Problem to solve -
Examine the entries and show every line in which the word "Constant" is found.
- Opening Delimiter -
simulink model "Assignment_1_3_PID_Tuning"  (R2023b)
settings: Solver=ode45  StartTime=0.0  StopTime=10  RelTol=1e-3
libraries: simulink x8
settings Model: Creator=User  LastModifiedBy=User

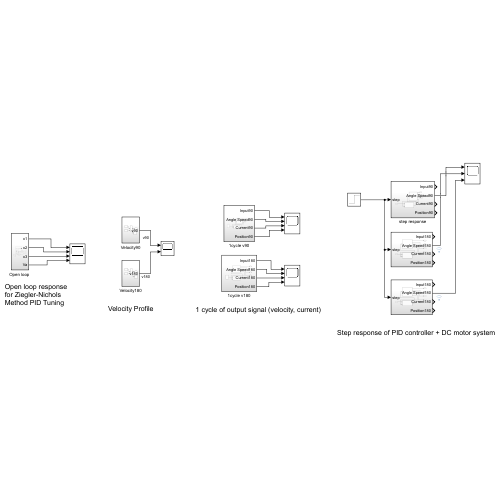
[thumbnail: Simulink's stored preview of the top-level diagram]
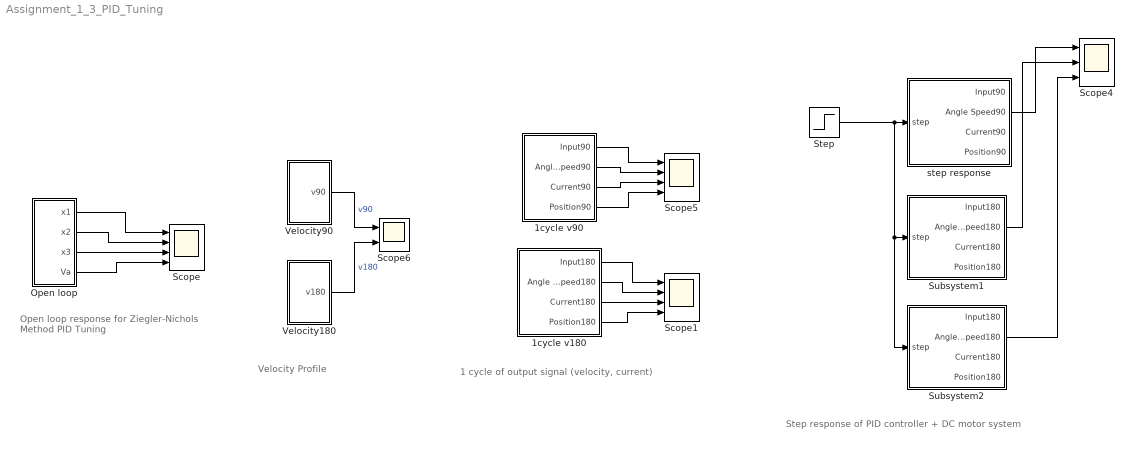
== system Assignment_1_3_PID_Tuning ==
  note: Step response of PID controller + DC motor system
  note: 1 cycle of output signal (velocity, current)
  note: Velocity Profile
  note: Open loop response for Ziegler-Nichols Method PID Tuning
  1cycle v180 : Subsystem
  1cycle v90 : Subsystem
  "Open loop " : Subsystem
  Scope : Scope  NumInputPorts=4
  Scope1 : Scope  NumInputPorts=4
  Scope4 : Scope  NumInputPorts=3
  Scope5 : Scope  NumInputPorts=4
  Scope6 : Scope  NumInputPorts=2
  Step : Step  Time=0  SampleTime=16
  Subsystem1 : Subsystem
  Subsystem2 : Subsystem
  Velocity180 : Subsystem
  Velocity90 : Subsystem
  step response : Subsystem
  wires:
  Velocity180/1(v180) -> Scope6/2  "v180"
  Velocity90/1(v90) -> Scope6/1  "v90"
  1cycle v90/4(Position90) -> Scope5/4
  1cycle v90/2(Angle Speed90) -> Scope5/2
  1cycle v90/3(Current90) -> Scope5/3
  1cycle v90/1(Input90) -> Scope5/1
  step response/2(Angle Speed90) -> Scope4/1
  Step/1 -> Subsystem2/1(step), Subsystem1/1(step), step response/1(step)
  "Open loop "/2(x2) -> Scope/2
  "Open loop "/3(x3) -> Scope/3
  "Open loop "/4(Va) -> Scope/4
  "Open loop "/1(x1) -> Scope/1
  1cycle v180/3(Current180) -> Scope1/3
  1cycle v180/1(Input180) -> Scope1/1
  1cycle v180/2(Angle Speed180) -> Scope1/2
  1cycle v180/4(Position180) -> Scope1/4
  Subsystem1/2(Angle Speed180) -> Scope4/2
  Subsystem2/2(Angle Speed180) -> Scope4/3

== system Assignment_1_3_PID_Tuning/1cycle v180 ==
  DC motor : Subsystem
  PID : Subsystem
  Velocity 180 : Subsystem
  Input180 : Outport
  Angle Speed180 : Outport  Port=2
  Current180 : Outport  Port=3
  Position180 : Outport  Port=4
  wires:
  DC motor/5(w,x180) -> PID/2(In 2)  "feedback loop"
  DC motor/2(Angle Speed180) -> Angle Speed180/1
  DC motor/3(Current180) -> Current180/1
  Velocity 180/1(v180) -> PID/1(va)
  DC motor/4(Position180) -> Position180/1
  DC motor/1(Input180) -> Input180/1
  PID/1(w,x180) -> DC motor/1(In 2)

== system Assignment_1_3_PID_Tuning/1cycle v90 ==
  Subsystem3 : Subsystem
  Subsystem4 : Subsystem
  Velocity 90 : Subsystem
  Input90 : Outport
  Angle Speed90 : Outport  Port=2
  Current90 : Outport  Port=3
  Position90 : Outport  Port=4
  wires:
  Subsystem4/1(w,x90) -> Subsystem3/1(In 1)
  Velocity 90/1(v90) -> Subsystem4/1(v90)
  Subsystem3/4(Position90) -> Position90/1
  Subsystem3/5(w,x90) -> Subsystem4/2(In 1)
  Subsystem3/3(Current90) -> Current90/1
  Subsystem3/1(Input90) -> Input90/1
  Subsystem3/2(Angle Speed90) -> Angle Speed90/1

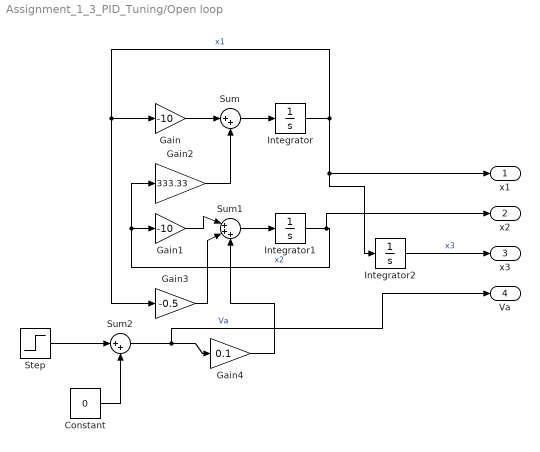
== system Assignment_1_3_PID_Tuning/Open loop  ==
  Constant : Constant  Value=0
  Gain : Gain  Gain=-10
  Gain1 : Gain  Gain=-10
  Gain2 : Gain  Gain=333.33
  Gain3 : Gain  Gain=-0.5
  Gain4 : Gain  Gain=0.1
  Integrator : Integrator
  Integrator1 : Integrator
  Integrator2 : Integrator
  Step : Step  Time=0  SampleTime=32
  Sum : Sum  Inputs=|++
  Sum1 : Sum  Inputs=|+++
  Sum2 : Sum  Inputs=|++
  x1 : Outport
  x2 : Outport  Port=2
  x3 : Outport  Port=3
  Va : Outport  Port=4
  wires:
  Integrator1/1 -> x2/1, Gain2/1, Gain1/1  "x2"
  Integrator/1 -> Gain/1, Gain3/1, x1/1, Integrator2/1  "x1"
  Sum/1 -> Integrator/1
  Sum2/1 -> Va/1, Gain4/1  "Va"
  Gain1/1 -> Sum1/1
  Constant/1 -> Sum2/2
  Gain4/1 -> Sum1/3
  Gain2/1 -> Sum/2
  Gain/1 -> Sum/1
  Sum1/1 -> Integrator1/1
  Gain3/1 -> Sum1/2
  Step/1 -> Sum2/1
  Integrator2/1 -> x3/1  "x3"

== system Assignment_1_3_PID_Tuning/Subsystem1 ==
  step : Inport
  DC motor : Subsystem
  PID : Subsystem
  Input180 : Outport
  Angle Speed180 : Outport  Port=2
  Current180 : Outport  Port=3
  Position180 : Outport  Port=4
  wires:
  DC motor/3(Current180) -> Current180/1
  PID/1(w,x180) -> DC motor/1(In 2)
  DC motor/2(Angle Speed180) -> Angle Speed180/1
  DC motor/1(Input180) -> Input180/1
  DC motor/5(w,x180) -> PID/2(In 2)  "feedback loop"
  DC motor/4(Position180) -> Position180/1
  step/1 -> PID/1(v180)

== system Assignment_1_3_PID_Tuning/Subsystem2 ==
  step : Inport
  DC motor : Subsystem
  PID : Subsystem
  Input180 : Outport
  Angle Speed180 : Outport  Port=2
  Current180 : Outport  Port=3
  Position180 : Outport  Port=4
  wires:
  DC motor/3(Current180) -> Current180/1
  PID/1(w,x180) -> DC motor/1(In 2)
  DC motor/2(Angle Speed180) -> Angle Speed180/1
  DC motor/1(Input180) -> Input180/1
  DC motor/5(w,x180) -> PID/2(In 2)  "feedback loop"
  DC motor/4(Position180) -> Position180/1
  step/1 -> PID/1(v180)

== system Assignment_1_3_PID_Tuning/Velocity180 ==
  Scope7 : Scope
  Sum1 : Sum  Inputs=|++
  vpick+drop : simulink/Sources/Repeating Sequence  rep_seq_t=[0 0.25 1 1.25 1.5 1.75 2.5 2.75 3 16]  rep_seq_y=[0 pi/2 pi/2 0 0 -pi/2 -pi/2 0 0 0]
  w180 : simulink/Sources/Repeating Sequence  rep_seq_t="[0 3 3.25 5  5.25 5.5 5.75 7.5 7.75 8 16]"  rep_seq_y=[0 0 pi/2 pi/2 0 0 -pi/2 -pi/2 0 0 0]
  v180 : Outport
  wires:
  w180/1 -> Sum1/1
  Sum1/1 -> v180/1, Scope7/1
  vpick+drop/1 -> Sum1/2

== system Assignment_1_3_PID_Tuning/Velocity90 ==
  Scope4 : Scope
  Sum : Sum  Inputs=|++
  vpick+drop : simulink/Sources/Repeating Sequence  rep_seq_t=[0 0.25 1 1.25 1.5 1.75 2.5 2.75 3 16]  rep_seq_y=[0 pi/2 pi/2 0 0 -pi/2 -pi/2 0 0 0]
  w90 : simulink/Sources/Repeating Sequence  rep_seq_t=[0 3 3.25 4 4.25 4.5 4.75 5.5 5.75 6 16]  rep_seq_y=[0 0 pi/2 pi/2 0 0 -pi/2 -pi/2 0 0 0]
  v90 : Outport
  wires:
  vpick+drop/1 -> Sum/1
  w90/1 -> Sum/2
  Sum/1 -> v90/1, Scope4/1

== system Assignment_1_3_PID_Tuning/step response ==
  step : Inport
  Subsystem1 : Subsystem
  Subsystem2 : Subsystem
  Input90 : Outport
  Angle Speed90 : Outport  Port=2
  Current90 : Outport  Port=3
  Position90 : Outport  Port=4
  wires:
  Subsystem1/5(w,x90) -> Subsystem2/2(In 1)
  Subsystem1/4(Position90) -> Position90/1
  Subsystem2/1(w,x90) -> Subsystem1/1(In 1)
  Subsystem1/3(Current90) -> Current90/1
  Subsystem1/1(Input90) -> Input90/1
  step/1 -> Subsystem2/1(v90)
  Subsystem1/2(Angle Speed90) -> Angle Speed90/1

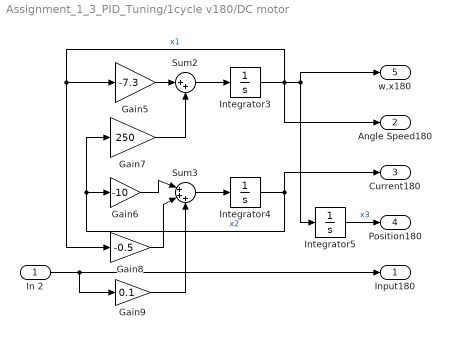
== system Assignment_1_3_PID_Tuning/1cycle v180/DC motor ==
  In 2 : Inport
  Gain5 : Gain  Gain=-7.3
  Gain6 : Gain  Gain=-10
  Gain7 : Gain  Gain=250
  Gain8 : Gain  Gain=-0.5
  Gain9 : Gain  Gain=0.1
  Integrator3 : Integrator
  Integrator4 : Integrator
  Integrator5 : Integrator
  Sum2 : Sum  Inputs=|++
  Sum3 : Sum  Inputs=|+++
  Input180 : Outport
  Angle Speed180 : Outport  Port=2
  Current180 : Outport  Port=3
  Position180 : Outport  Port=4
  w,x180 : Outport  Port=5
  wires:
  Integrator4/1 -> Current180/1, Gain7/1, Gain6/1  "x2"
  Gain7/1 -> Sum2/2
  Gain6/1 -> Sum3/1
  Sum2/1 -> Integrator3/1
  Gain9/1 -> Sum3/3
  Gain8/1 -> Sum3/2
  Sum3/1 -> Integrator4/1
  Integrator3/1 -> Gain8/1, Gain5/1, Angle Speed180/1, Integrator5/1, w,x180/1  "x1"
  Gain5/1 -> Sum2/1
  Integrator5/1 -> Position180/1  "x3"
  In 2/1 -> Gain9/1, Input180/1

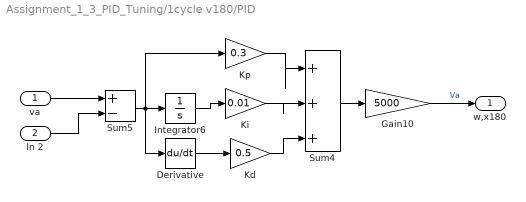
== system Assignment_1_3_PID_Tuning/1cycle v180/PID ==
  va : Inport
  In 2 : Inport  Port=2
  Derivative : Derivative
  Gain10 : Gain  Gain=5000
  Integrator6 : Integrator
  Kd : Gain  Gain=0.5
  Ki : Gain  Gain=0.01
  Kp : Gain  Gain=0.3
  Sum4 : Sum  Inputs=|+++
  Sum5 : Sum  Inputs=+-
  w,x180 : Outport
  wires:
  Kp/1 -> Sum4/1
  Derivative/1 -> Kd/1
  Sum5/1 -> Integrator6/1, Kp/1, Derivative/1
  Ki/1 -> Sum4/2
  va/1 -> Sum5/1
  Sum4/1 -> Gain10/1
  Gain10/1 -> w,x180/1  "Va"
  Kd/1 -> Sum4/3
  Integrator6/1 -> Ki/1
  In 2/1 -> Sum5/2

== system Assignment_1_3_PID_Tuning/1cycle v180/Velocity 180 ==
  Scope5 : Scope
  Scope6 : Scope
  Scope7 : Scope
  Sum1 : Sum  Inputs=|++
  vpick+drop : simulink/Sources/Repeating Sequence  rep_seq_t=[0 0.25 1 1.25 1.5 1.75 2.5 2.75 3 16]  rep_seq_y=[0 pi/2 pi/2 0 0 -pi/2 -pi/2 0 0 0]
  w180 : simulink/Sources/Repeating Sequence  rep_seq_t="[0 3 3.25 5  5.25 5.5 5.75 7.5 7.75 8 16]"  rep_seq_y=[0 0 pi/2 pi/2 0 0 -pi/2 -pi/2 0 0 0]
  v180 : Outport
  wires:
  w180/1 -> Sum1/1, Scope5/1
  Sum1/1 -> v180/1, Scope7/1
  vpick+drop/1 -> Scope6/1, Sum1/2

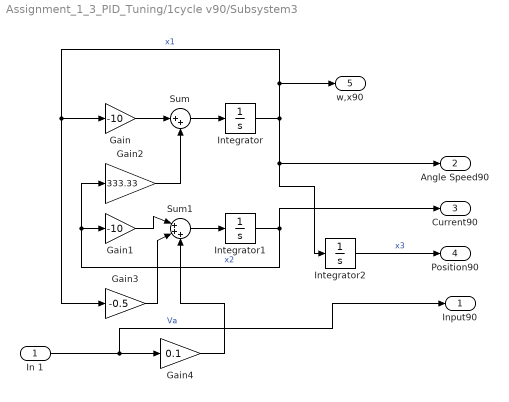
== system Assignment_1_3_PID_Tuning/1cycle v90/Subsystem3 ==
  In 1 : Inport
  Gain : Gain  Gain=-10
  Gain1 : Gain  Gain=-10
  Gain2 : Gain  Gain=333.33
  Gain3 : Gain  Gain=-0.5
  Gain4 : Gain  Gain=0.1
  Integrator : Integrator
  Integrator1 : Integrator
  Integrator2 : Integrator
  Sum : Sum  Inputs=|++
  Sum1 : Sum  Inputs=|+++
  Input90 : Outport
  Angle Speed90 : Outport  Port=2
  Current90 : Outport  Port=3
  Position90 : Outport  Port=4
  w,x90 : Outport  Port=5
  wires:
  Integrator/1 -> w,x90/1, Gain/1, Gain3/1, Angle Speed90/1, Integrator2/1  "x1"
  Sum1/1 -> Integrator1/1
  Gain/1 -> Sum/1
  Sum/1 -> Integrator/1
  Gain4/1 -> Sum1/3
  Integrator1/1 -> Current90/1, Gain2/1, Gain1/1  "x2"
  Gain3/1 -> Sum1/2
  Integrator2/1 -> Position90/1  "x3"
  Gain1/1 -> Sum1/1
  Gain2/1 -> Sum/2
  In 1/1 -> Input90/1, Gain4/1  "Va"

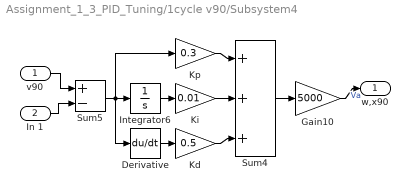
== system Assignment_1_3_PID_Tuning/1cycle v90/Subsystem4 ==
  v90 : Inport
  In 1 : Inport  Port=2
  Derivative : Derivative
  Gain10 : Gain  Gain=5000
  Integrator6 : Integrator
  Kd : Gain  Gain=0.5
  Ki : Gain  Gain=0.01
  Kp : Gain  Gain=0.3
  Sum4 : Sum  Inputs=|+++
  Sum5 : Sum  Inputs=+-
  w,x90 : Outport
  wires:
  Kp/1 -> Sum4/1
  Derivative/1 -> Kd/1
  Sum5/1 -> Kp/1, Integrator6/1, Derivative/1
  Ki/1 -> Sum4/2
  Sum4/1 -> Gain10/1
  Gain10/1 -> w,x90/1  "Va"
  Kd/1 -> Sum4/3
  Integrator6/1 -> Ki/1
  In 1/1 -> Sum5/2
  v90/1 -> Sum5/1

== system Assignment_1_3_PID_Tuning/1cycle v90/Velocity 90 ==
  Scope2 : Scope
  Scope3 : Scope
  Scope4 : Scope
  Sum : Sum  Inputs=|++
  vpick+drop : simulink/Sources/Repeating Sequence  rep_seq_t=[0 0.25 1 1.25 1.5 1.75 2.5 2.75 3 16]  rep_seq_y=[0 pi/2 pi/2 0 0 -pi/2 -pi/2 0 0 0]
  w90 : simulink/Sources/Repeating Sequence  rep_seq_t=[0 3 3.25 4 4.25 4.5 4.75 5.5 5.75 6 16]  rep_seq_y=[0 0 pi/2 pi/2 0 0 -pi/2 -pi/2 0 0 0]
  v90 : Outport
  wires:
  vpick+drop/1 -> Sum/1, Scope2/1
  w90/1 -> Sum/2, Scope3/1
  Sum/1 -> v90/1, Scope4/1

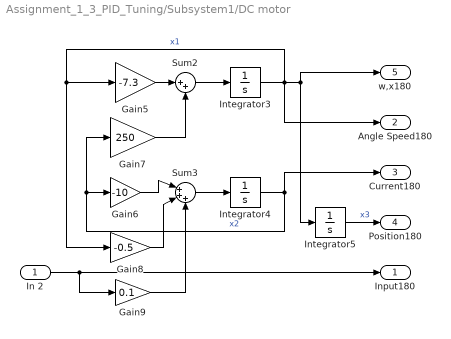
== system Assignment_1_3_PID_Tuning/Subsystem1/DC motor ==
  In 2 : Inport
  Gain5 : Gain  Gain=-7.3
  Gain6 : Gain  Gain=-10
  Gain7 : Gain  Gain=250
  Gain8 : Gain  Gain=-0.5
  Gain9 : Gain  Gain=0.1
  Integrator3 : Integrator
  Integrator4 : Integrator
  Integrator5 : Integrator
  Sum2 : Sum  Inputs=|++
  Sum3 : Sum  Inputs=|+++
  Input180 : Outport
  Angle Speed180 : Outport  Port=2
  Current180 : Outport  Port=3
  Position180 : Outport  Port=4
  w,x180 : Outport  Port=5
  wires:
  Integrator4/1 -> Current180/1, Gain7/1, Gain6/1  "x2"
  Gain7/1 -> Sum2/2
  Gain6/1 -> Sum3/1
  Sum2/1 -> Integrator3/1
  Gain9/1 -> Sum3/3
  Gain8/1 -> Sum3/2
  Sum3/1 -> Integrator4/1
  Integrator3/1 -> Gain8/1, Gain5/1, Angle Speed180/1, Integrator5/1, w,x180/1  "x1"
  Gain5/1 -> Sum2/1
  Integrator5/1 -> Position180/1  "x3"
  In 2/1 -> Gain9/1, Input180/1

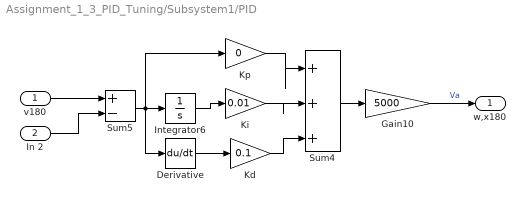
== system Assignment_1_3_PID_Tuning/Subsystem1/PID ==
  v180 : Inport
  In 2 : Inport  Port=2
  Derivative : Derivative
  Gain10 : Gain  Gain=5000
  Integrator6 : Integrator
  Kd : Gain  Gain=0.1
  Ki : Gain  Gain=0.01
  Kp : Gain  Gain=0
  Sum4 : Sum  Inputs=|+++
  Sum5 : Sum  Inputs=+-
  w,x180 : Outport
  wires:
  Kp/1 -> Sum4/1
  Derivative/1 -> Kd/1
  Sum5/1 -> Integrator6/1, Kp/1, Derivative/1
  Ki/1 -> Sum4/2
  v180/1 -> Sum5/1
  Sum4/1 -> Gain10/1
  Gain10/1 -> w,x180/1  "Va"
  Kd/1 -> Sum4/3
  Integrator6/1 -> Ki/1
  In 2/1 -> Sum5/2

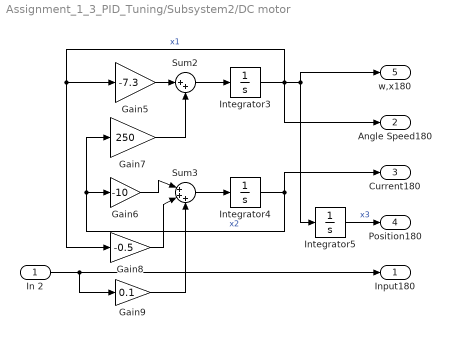
== system Assignment_1_3_PID_Tuning/Subsystem2/DC motor ==
  In 2 : Inport
  Gain5 : Gain  Gain=-7.3
  Gain6 : Gain  Gain=-10
  Gain7 : Gain  Gain=250
  Gain8 : Gain  Gain=-0.5
  Gain9 : Gain  Gain=0.1
  Integrator3 : Integrator
  Integrator4 : Integrator
  Integrator5 : Integrator
  Sum2 : Sum  Inputs=|++
  Sum3 : Sum  Inputs=|+++
  Input180 : Outport
  Angle Speed180 : Outport  Port=2
  Current180 : Outport  Port=3
  Position180 : Outport  Port=4
  w,x180 : Outport  Port=5
  wires:
  Integrator4/1 -> Current180/1, Gain7/1, Gain6/1  "x2"
  Gain7/1 -> Sum2/2
  Gain6/1 -> Sum3/1
  Sum2/1 -> Integrator3/1
  Gain9/1 -> Sum3/3
  Gain8/1 -> Sum3/2
  Sum3/1 -> Integrator4/1
  Integrator3/1 -> Gain8/1, Gain5/1, Angle Speed180/1, Integrator5/1, w,x180/1  "x1"
  Gain5/1 -> Sum2/1
  Integrator5/1 -> Position180/1  "x3"
  In 2/1 -> Gain9/1, Input180/1

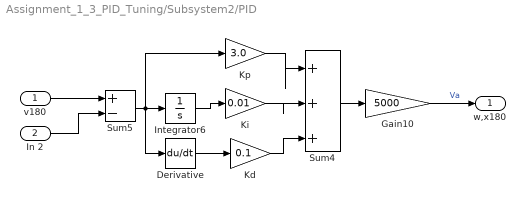
== system Assignment_1_3_PID_Tuning/Subsystem2/PID ==
  v180 : Inport
  In 2 : Inport  Port=2
  Derivative : Derivative
  Gain10 : Gain  Gain=5000
  Integrator6 : Integrator
  Kd : Gain  Gain=0.1
  Ki : Gain  Gain=0.01
  Kp : Gain  Gain=3.0
  Sum4 : Sum  Inputs=|+++
  Sum5 : Sum  Inputs=+-
  w,x180 : Outport
  wires:
  Kp/1 -> Sum4/1
  Derivative/1 -> Kd/1
  Sum5/1 -> Integrator6/1, Kp/1, Derivative/1
  Ki/1 -> Sum4/2
  v180/1 -> Sum5/1
  Sum4/1 -> Gain10/1
  Gain10/1 -> w,x180/1  "Va"
  Kd/1 -> Sum4/3
  Integrator6/1 -> Ki/1
  In 2/1 -> Sum5/2

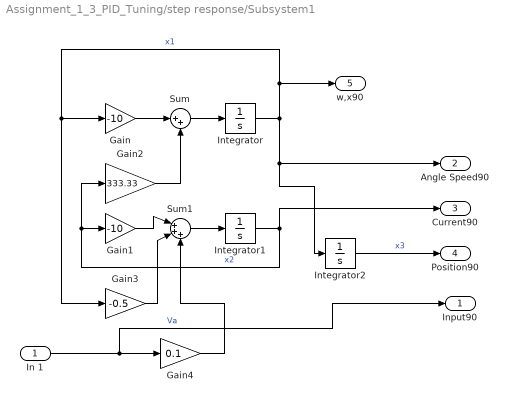
== system Assignment_1_3_PID_Tuning/step response/Subsystem1 ==
  In 1 : Inport
  Gain : Gain  Gain=-10
  Gain1 : Gain  Gain=-10
  Gain2 : Gain  Gain=333.33
  Gain3 : Gain  Gain=-0.5
  Gain4 : Gain  Gain=0.1
  Integrator : Integrator
  Integrator1 : Integrator
  Integrator2 : Integrator
  Sum : Sum  Inputs=|++
  Sum1 : Sum  Inputs=|+++
  Input90 : Outport
  Angle Speed90 : Outport  Port=2
  Current90 : Outport  Port=3
  Position90 : Outport  Port=4
  w,x90 : Outport  Port=5
  wires:
  Integrator/1 -> w,x90/1, Gain/1, Gain3/1, Angle Speed90/1, Integrator2/1  "x1"
  Sum1/1 -> Integrator1/1
  Gain/1 -> Sum/1
  Sum/1 -> Integrator/1
  Gain4/1 -> Sum1/3
  Integrator1/1 -> Current90/1, Gain2/1, Gain1/1  "x2"
  Gain3/1 -> Sum1/2
  Integrator2/1 -> Position90/1  "x3"
  Gain1/1 -> Sum1/1
  Gain2/1 -> Sum/2
  In 1/1 -> Input90/1, Gain4/1  "Va"

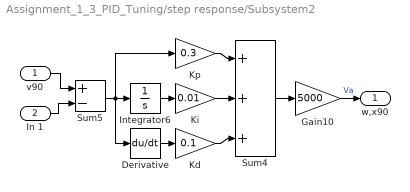
== system Assignment_1_3_PID_Tuning/step response/Subsystem2 ==
  v90 : Inport
  In 1 : Inport  Port=2
  Derivative : Derivative
  Gain10 : Gain  Gain=5000
  Integrator6 : Integrator
  Kd : Gain  Gain=0.1
  Ki : Gain  Gain=0.01
  Kp : Gain  Gain=0.3
  Sum4 : Sum  Inputs=|+++
  Sum5 : Sum  Inputs=+-
  w,x90 : Outport
  wires:
  Kp/1 -> Sum4/1
  Derivative/1 -> Kd/1
  Sum5/1 -> Kp/1, Integrator6/1, Derivative/1
  Ki/1 -> Sum4/2
  Sum4/1 -> Gain10/1
  Gain10/1 -> w,x90/1  "Va"
  Kd/1 -> Sum4/3
  Integrator6/1 -> Ki/1
  In 1/1 -> Sum5/2
  v90/1 -> Sum5/1
- Closing Delimiter -
Solution to this task -
  Constant : Constant  Value=0
  Constant/1 -> Sum2/2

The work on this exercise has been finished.